Reproduced with permission from The Christian Science Monitor, March 19, 1986
IT arrived long after Christmas. If the postman had any thoughts about the bedraggled box he handed me in return for my yellow slip, he kept them to himself. Wrapped in brown paper with a red-and-white string managing to keep it all together, the package was ripped, dented, and water-stained. In the upper left-hand corner, in huge red letters, it said “USA.” The package had come from East Germany. Inside was a card from my friend Erich. “I wish you a peaceful Christmas and all the best for you in 1986,” he wrote. “The cake I send you is a special Christmas cake, produced only in the Advent. It is called `Stollen.’ The friendly baker said the long way to you had no bad influence on the quality of the cake. Make a test!”
The cake — sturdy, cylindrical, double-wrapped in plastic and decorated paper — survived the journey. Less fortunate were the gingerbread, broken into dozens of pieces, and the decorative sprigs of fir, which had disintegrated and then implanted their needles in the gingerbread. No matter. It was still the nicest Christmas present I’d received that year.
I had met Erich the previous summer under unusual circumstances. He is a music student in East Berlin, a classical violinist.
I was traveling in the Soviet Union with a group of American students. We met in Moscow at a party thrown by some Soviet students and later went to dinner.
It was the first trip to the Soviet Union for both of us, and both of us were trying to sort out our first impressions. Eagerly we shared observations.
“It is a small thing,” he said, “but on the subways so many people have flowers, big bundles of flowers to take home.” He had been struck by what he called “the need for heroism” in the Soviet Union — all of the old men wearing medals, the posters, the constant reminders of the victory over fascism.
We spoke too about the United States, a country Erich admired but also found “puzzling.” “Your country seems so creative, so inventive, so generous with what you have,” he told me. “And yet at the same time you go ahead with something like Star Wars. It is very paradoxical to me.”
It was a Friday night, and several of my American Jewish friends performed a simple Shabbat service in the Moscow restaurant.

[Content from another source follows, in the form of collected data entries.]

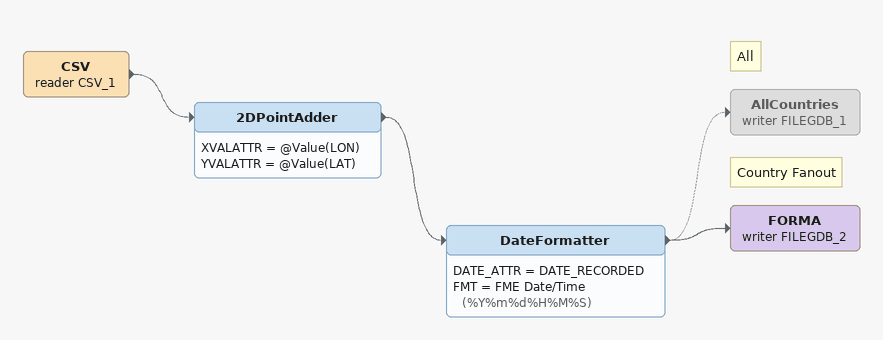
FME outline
CSV (reader CSV_1)
    -> 2DPointAdder
2DPointAdder
    XVALATTR = @Value(LON)
    YVALATTR = @Value(LAT)
    -> DateFormatter
DateFormatter
    DATE_ATTR = DATE_RECORDED
    FMT = FME Date/Time (%Y%m%d%H%M%S)
    -> AllCountries (writer FILEGDB_1) [off]
    -> FORMA (writer FILEGDB_2)
Note: All
AllCountries (writer FILEGDB_1) [off]
Note: Country Fanout
FORMA (writer FILEGDB_2)
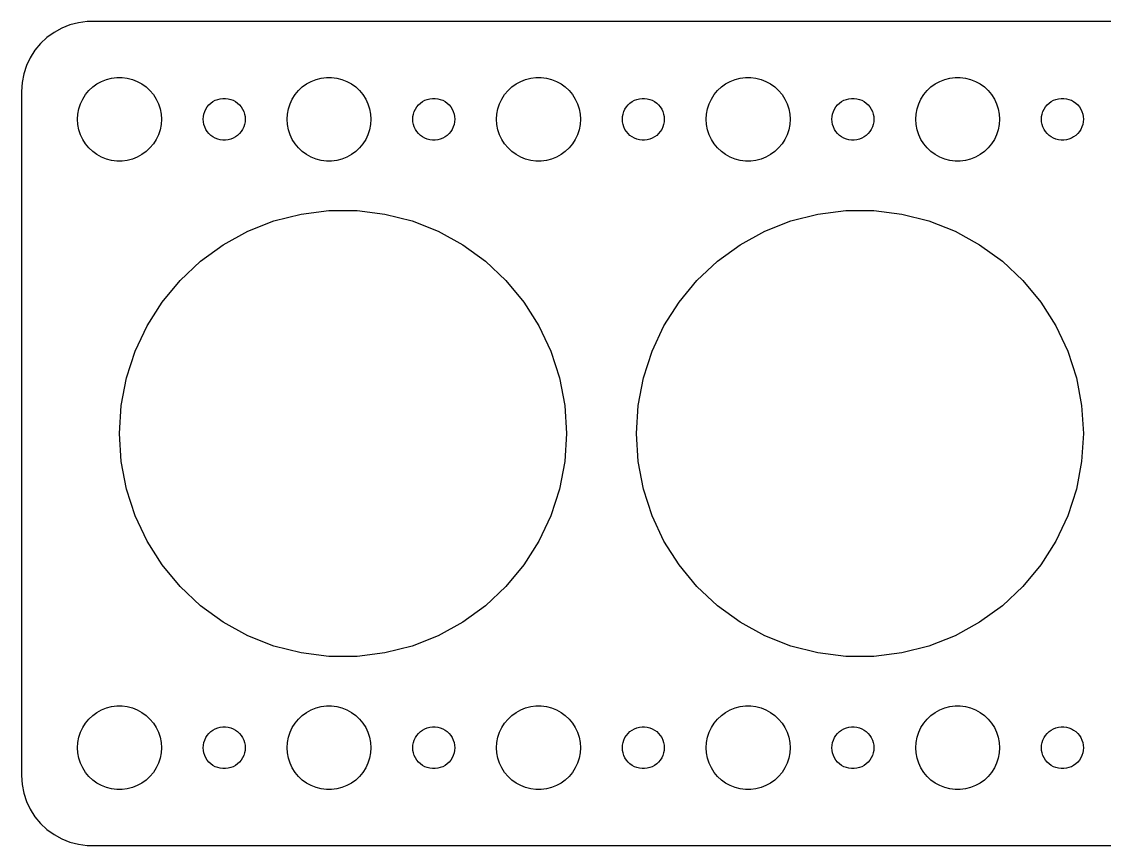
# Model space of a CAD drawing. Header units: metres. Extents: x -97 to 97, y -29 to 29.
# Drawn here: x -97 to -19.5, y -29.5 to 29.5 of the extents above; entities that cross this region are included whole.
import ezdxf

# ---------------------------------------------------------------- set-up
doc = ezdxf.new("R2010")
doc.units = ezdxf.units.M

msp = doc.modelspace()

# ---------------------------------------------------------------- linework, layer by layer
for p, q in [((-92.3139, 29.4901), (-92.9369, 29.4114)), ((92.3139, 29.4901), (-92.3139, 29.4901)), ((-94.6791, 28.7216), (-95.1871, 28.3526)), ((-94.1289, 29.0241), (-94.6791, 28.7216)), ((-93.5451, 29.2553), (-94.1289, 29.0241)), ((-92.9369, 29.4114), (-93.5451, 29.2553)), ((-95.6448, 27.9227), (-96.0451, 27.4389)), ((-95.1871, 28.3526), (-95.6448, 27.9227)), ((-96.0451, 27.4389), (-96.3815, 26.9088)), ((-96.3815, 26.9088), (-96.6489, 26.3406)), ((-96.8429, 25.7434), (-96.9606, 25.1267)), ((-96.6489, 26.3406), (-96.8429, 25.7434)), ((-96.9606, 25.1267), (-97, 24.5)), ((-92.1869, 24.5536), (-91.9123, 24.8115)), ((-91.9123, 24.8115), (-91.6075, 25.033)), ((-91.6075, 25.033), (-91.2773, 25.2145)), ((-91.2773, 25.2145), (-90.927, 25.3532)), ((-90.927, 25.3532), (-90.5621, 25.4469)), ((-90.5621, 25.4469), (-90.1884, 25.4941)), ((-90.1884, 25.4941), (-89.8116, 25.4941)), ((-89.8116, 25.4941), (-89.4379, 25.4469)), ((-89.4379, 25.4469), (-89.073, 25.3532)), ((-89.073, 25.3532), (-88.7227, 25.2145)), ((-88.7227, 25.2145), (-88.3925, 25.033)), ((-88.3925, 25.033), (-88.0877, 24.8115)), ((-88.0877, 24.8115), (-87.8131, 24.5536)), ((-77.1869, 24.5536), (-76.9123, 24.8115)), ((-76.9123, 24.8115), (-76.6075, 25.033)), ((-76.6075, 25.033), (-76.2773, 25.2145)), ((-76.2773, 25.2145), (-75.927, 25.3532)), ((-75.927, 25.3532), (-75.5621, 25.4469)), ((-75.5621, 25.4469), (-75.1884, 25.4941)), ((-75.1884, 25.4941), (-74.8116, 25.4941)), ((-74.8116, 25.4941), (-74.4379, 25.4469)), ((-74.4379, 25.4469), (-74.073, 25.3532)), ((-74.073, 25.3532), (-73.7227, 25.2145)), ((-73.7227, 25.2145), (-73.3925, 25.033)), ((-73.3925, 25.033), (-73.0877, 24.8115)), ((-73.0877, 24.8115), (-72.8131, 24.5536)), ((-62.1869, 24.5536), (-61.9123, 24.8115)), ((-61.9123, 24.8115), (-61.6075, 25.033)), ((-61.6075, 25.033), (-61.2773, 25.2145)), ((-61.2773, 25.2145), (-60.927, 25.3532)), ((-60.927, 25.3532), (-60.5621, 25.4469)), ((-60.5621, 25.4469), (-60.1884, 25.4941)), ((-60.1884, 25.4941), (-59.8116, 25.4941)), ((-59.8116, 25.4941), (-59.4379, 25.4469)), ((-59.4379, 25.4469), (-59.0729, 25.3532)), ((-59.0729, 25.3532), (-58.7227, 25.2145)), ((-58.7227, 25.2145), (-58.3925, 25.033)), ((-58.3925, 25.033), (-58.0877, 24.8115)), ((-58.0877, 24.8115), (-57.8131, 24.5536)), ((-47.1869, 24.5536), (-46.9123, 24.8115)), ((-46.9123, 24.8115), (-46.6075, 25.033)), ((-46.6075, 25.033), (-46.2773, 25.2145)), ((-46.2773, 25.2145), (-45.927, 25.3532)), ((-45.927, 25.3532), (-45.5621, 25.4469)), ((-45.5621, 25.4469), (-45.1884, 25.4941)), ((-45.1884, 25.4941), (-44.8116, 25.4941)), ((-44.8116, 25.4941), (-44.4379, 25.4469)), ((-44.4379, 25.4469), (-44.0729, 25.3532)), ((-44.0729, 25.3532), (-43.7227, 25.2145)), ((-43.7227, 25.2145), (-43.3925, 25.033)), ((-43.3925, 25.033), (-43.0877, 24.8115)), ((-43.0877, 24.8115), (-42.8131, 24.5536)), ((-32.1869, 24.5536), (-31.9123, 24.8115)), ((-31.9123, 24.8115), (-31.6075, 25.033)), ((-31.6075, 25.033), (-31.2773, 25.2145)), ((-31.2773, 25.2145), (-30.927, 25.3532)), ((-30.927, 25.3532), (-30.5621, 25.4469)), ((-30.5621, 25.4469), (-30.1884, 25.4941)), ((-30.1884, 25.4941), (-29.8116, 25.4941)), ((-29.8116, 25.4941), (-29.4379, 25.4469)), ((-29.4379, 25.4469), (-29.0729, 25.3532)), ((-29.0729, 25.3532), (-28.7227, 25.2145)), ((-28.7227, 25.2145), (-28.3925, 25.033)), ((-28.3925, 25.033), (-28.0877, 24.8115)), ((-28.0877, 24.8115), (-27.8131, 24.5536)), ((-97, 24.5), (-97, -24.5)), ((-92.6289, 23.9453), (-92.427, 24.2634)), ((-92.427, 24.2634), (-92.1869, 24.5536)), ((-87.8131, 24.5536), (-87.573, 24.2634)), ((-87.573, 24.2634), (-87.3711, 23.9453)), ((-77.6289, 23.9453), (-77.427, 24.2634)), ((-77.427, 24.2634), (-77.1869, 24.5536)), ((-72.8131, 24.5536), (-72.573, 24.2634)), ((-72.573, 24.2634), (-72.3711, 23.9453)), ((-62.6289, 23.9453), (-62.427, 24.2634)), ((-62.427, 24.2634), (-62.1869, 24.5536)), ((-57.8131, 24.5536), (-57.5729, 24.2634)), ((-57.5729, 24.2634), (-57.3711, 23.9453)), ((-47.6289, 23.9453), (-47.427, 24.2634)), ((-47.427, 24.2634), (-47.1869, 24.5536)), ((-42.8131, 24.5536), (-42.5729, 24.2634)), ((-42.5729, 24.2634), (-42.3711, 23.9453)), ((-32.6289, 23.9453), (-32.427, 24.2634)), ((-32.427, 24.2634), (-32.1869, 24.5536)), ((-27.8131, 24.5536), (-27.5729, 24.2634)), ((-27.5729, 24.2634), (-27.3711, 23.9453)), ((-92.9057, 23.2461), (-92.7893, 23.6044)), ((-92.7893, 23.6044), (-92.6289, 23.9453)), ((-87.3711, 23.9453), (-87.2107, 23.6044)), ((-87.2107, 23.6044), (-87.0943, 23.2461)), ((-83.8145, 23.2226), (-83.7135, 23.3817)), ((-83.7135, 23.3817), (-83.5934, 23.5268)), ((-83.5934, 23.5268), (-83.4561, 23.6558)), ((-83.4561, 23.6558), (-83.3037, 23.7665)), ((-83.3037, 23.7665), (-83.1387, 23.8572)), ((-83.1387, 23.8572), (-82.9635, 23.9266)), ((-82.9635, 23.9266), (-82.7811, 23.9734)), ((-82.7811, 23.9734), (-82.5942, 23.997)), ((-82.5942, 23.997), (-82.4058, 23.997)), ((-82.4058, 23.997), (-82.2189, 23.9734)), ((-82.2189, 23.9734), (-82.0365, 23.9266)), ((-82.0365, 23.9266), (-81.8613, 23.8572)), ((-81.8613, 23.8572), (-81.6963, 23.7665)), ((-81.6963, 23.7665), (-81.5439, 23.6558)), ((-81.5439, 23.6558), (-81.4065, 23.5268)), ((-81.4065, 23.5268), (-81.2865, 23.3817)), ((-81.2865, 23.3817), (-81.1855, 23.2226)), ((-77.9057, 23.2461), (-77.7893, 23.6044)), ((-77.7893, 23.6044), (-77.6289, 23.9453)), ((-72.3711, 23.9453), (-72.2107, 23.6044)), ((-72.2107, 23.6044), (-72.0943, 23.2461)), ((-68.8145, 23.2226), (-68.7135, 23.3817)), ((-68.7135, 23.3817), (-68.5934, 23.5268)), ((-68.5934, 23.5268), (-68.4561, 23.6558)), ((-68.4561, 23.6558), (-68.3037, 23.7665)), ((-68.3037, 23.7665), (-68.1387, 23.8572)), ((-68.1387, 23.8572), (-67.9635, 23.9266)), ((-67.9635, 23.9266), (-67.7811, 23.9734)), ((-67.7811, 23.9734), (-67.5942, 23.997)), ((-67.5942, 23.997), (-67.4058, 23.997)), ((-67.4058, 23.997), (-67.2189, 23.9734)), ((-67.2189, 23.9734), (-67.0365, 23.9266)), ((-67.0365, 23.9266), (-66.8613, 23.8572)), ((-66.8613, 23.8572), (-66.6963, 23.7665)), ((-66.6963, 23.7665), (-66.5439, 23.6558)), ((-66.5439, 23.6558), (-66.4065, 23.5268)), ((-66.4065, 23.5268), (-66.2865, 23.3817)), ((-66.2865, 23.3817), (-66.1855, 23.2226)), ((-62.9057, 23.2461), (-62.7893, 23.6044)), ((-62.7893, 23.6044), (-62.6289, 23.9453)), ((-57.3711, 23.9453), (-57.2107, 23.6044)), ((-57.2107, 23.6044), (-57.0942, 23.2461)), ((-53.8145, 23.2226), (-53.7135, 23.3817)), ((-53.7135, 23.3817), (-53.5934, 23.5268)), ((-53.5934, 23.5268), (-53.4561, 23.6558)), ((-53.4561, 23.6558), (-53.3037, 23.7665)), ((-53.3037, 23.7665), (-53.1387, 23.8572)), ((-53.1387, 23.8572), (-52.9635, 23.9266)), ((-52.9635, 23.9266), (-52.7811, 23.9734)), ((-52.7811, 23.9734), (-52.5942, 23.997)), ((-52.5942, 23.997), (-52.4058, 23.997)), ((-52.4058, 23.997), (-52.2189, 23.9734)), ((-52.2189, 23.9734), (-52.0365, 23.9266)), ((-52.0365, 23.9266), (-51.8613, 23.8572)), ((-51.8613, 23.8572), (-51.6963, 23.7665)), ((-51.6963, 23.7665), (-51.5439, 23.6558)), ((-51.5439, 23.6558), (-51.4065, 23.5268)), ((-51.4065, 23.5268), (-51.2865, 23.3817)), ((-51.2865, 23.3817), (-51.1855, 23.2226)), ((-47.9057, 23.2461), (-47.7893, 23.6044)), ((-47.7893, 23.6044), (-47.6289, 23.9453)), ((-42.3711, 23.9453), (-42.2107, 23.6044)), ((-42.2107, 23.6044), (-42.0942, 23.2461)), ((-38.8145, 23.2226), (-38.7135, 23.3817)), ((-38.7135, 23.3817), (-38.5934, 23.5268)), ((-38.5934, 23.5268), (-38.4561, 23.6558)), ((-38.4561, 23.6558), (-38.3037, 23.7665)), ((-38.3037, 23.7665), (-38.1387, 23.8572)), ((-38.1387, 23.8572), (-37.9635, 23.9266)), ((-37.9635, 23.9266), (-37.7811, 23.9734)), ((-37.7811, 23.9734), (-37.5942, 23.997)), ((-37.5942, 23.997), (-37.4058, 23.997)), ((-37.4058, 23.997), (-37.2189, 23.9734)), ((-37.2189, 23.9734), (-37.0365, 23.9266)), ((-37.0365, 23.9266), (-36.8613, 23.8572)), ((-36.8613, 23.8572), (-36.6963, 23.7665)), ((-36.6963, 23.7665), (-36.5439, 23.6558)), ((-36.5439, 23.6558), (-36.4065, 23.5268)), ((-36.4065, 23.5268), (-36.2865, 23.3817)), ((-36.2865, 23.3817), (-36.1855, 23.2226)), ((-32.9057, 23.2461), (-32.7893, 23.6044)), ((-32.7893, 23.6044), (-32.6289, 23.9453)), ((-27.3711, 23.9453), (-27.2107, 23.6044)), ((-27.2107, 23.6044), (-27.0942, 23.2461)), ((-23.8145, 23.2226), (-23.7135, 23.3817)), ((-23.7135, 23.3817), (-23.5934, 23.5268)), ((-23.5934, 23.5268), (-23.4561, 23.6558)), ((-23.4561, 23.6558), (-23.3037, 23.7665)), ((-23.3037, 23.7665), (-23.1387, 23.8572)), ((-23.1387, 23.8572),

I watched our Soviet and East German friends’ somewhat surprised but curious and open faces as the Americans sang the beautiful ancient prayers over the candles. I thought about our parents’ and grandparents’ generations, and how far we had come, and how far we had to go.
We exchanged addresses and promised to write. I wondered if Erich really would — whether it would be too dangerous for him, whether our letters would squeeze through the rigid borders dividing our world.
What he thought after we parted is best said in his own words. “After our talk in Moscow my mind was divided into two parts,” he wrote, “one pessimistic and one optimistic. The pessimistic said, `It was an interesting evening, but there will never be a next meeting or a connection in the future.’ The optimistic said there will develop a correspondence over the Atlantic. When I opened the mailbox last Monday the optimistic became the winner. I am very glad.”
He described a popular book written by an East German author about living in the US for one year, called “Living on Another Planet.” “But in Moscow I felt that you are not from `another planet,’ ” he wrote. “It was a good feeling and I become hungry to know much more about you and USA. I understood there is not only one `Voice of America,’ there are 200,000,000 voices of America. Now I will start to complete the USA puzzle. . . . You said many people believe we are hopelessly naive to try to protect the world peace with contacts over the `wall.’ But it is the only chance for us.”
The cake tasted rich and sweet in spite — or perhaps because — of its long journey. Eating it has reminded me that I, too, am hungry for more.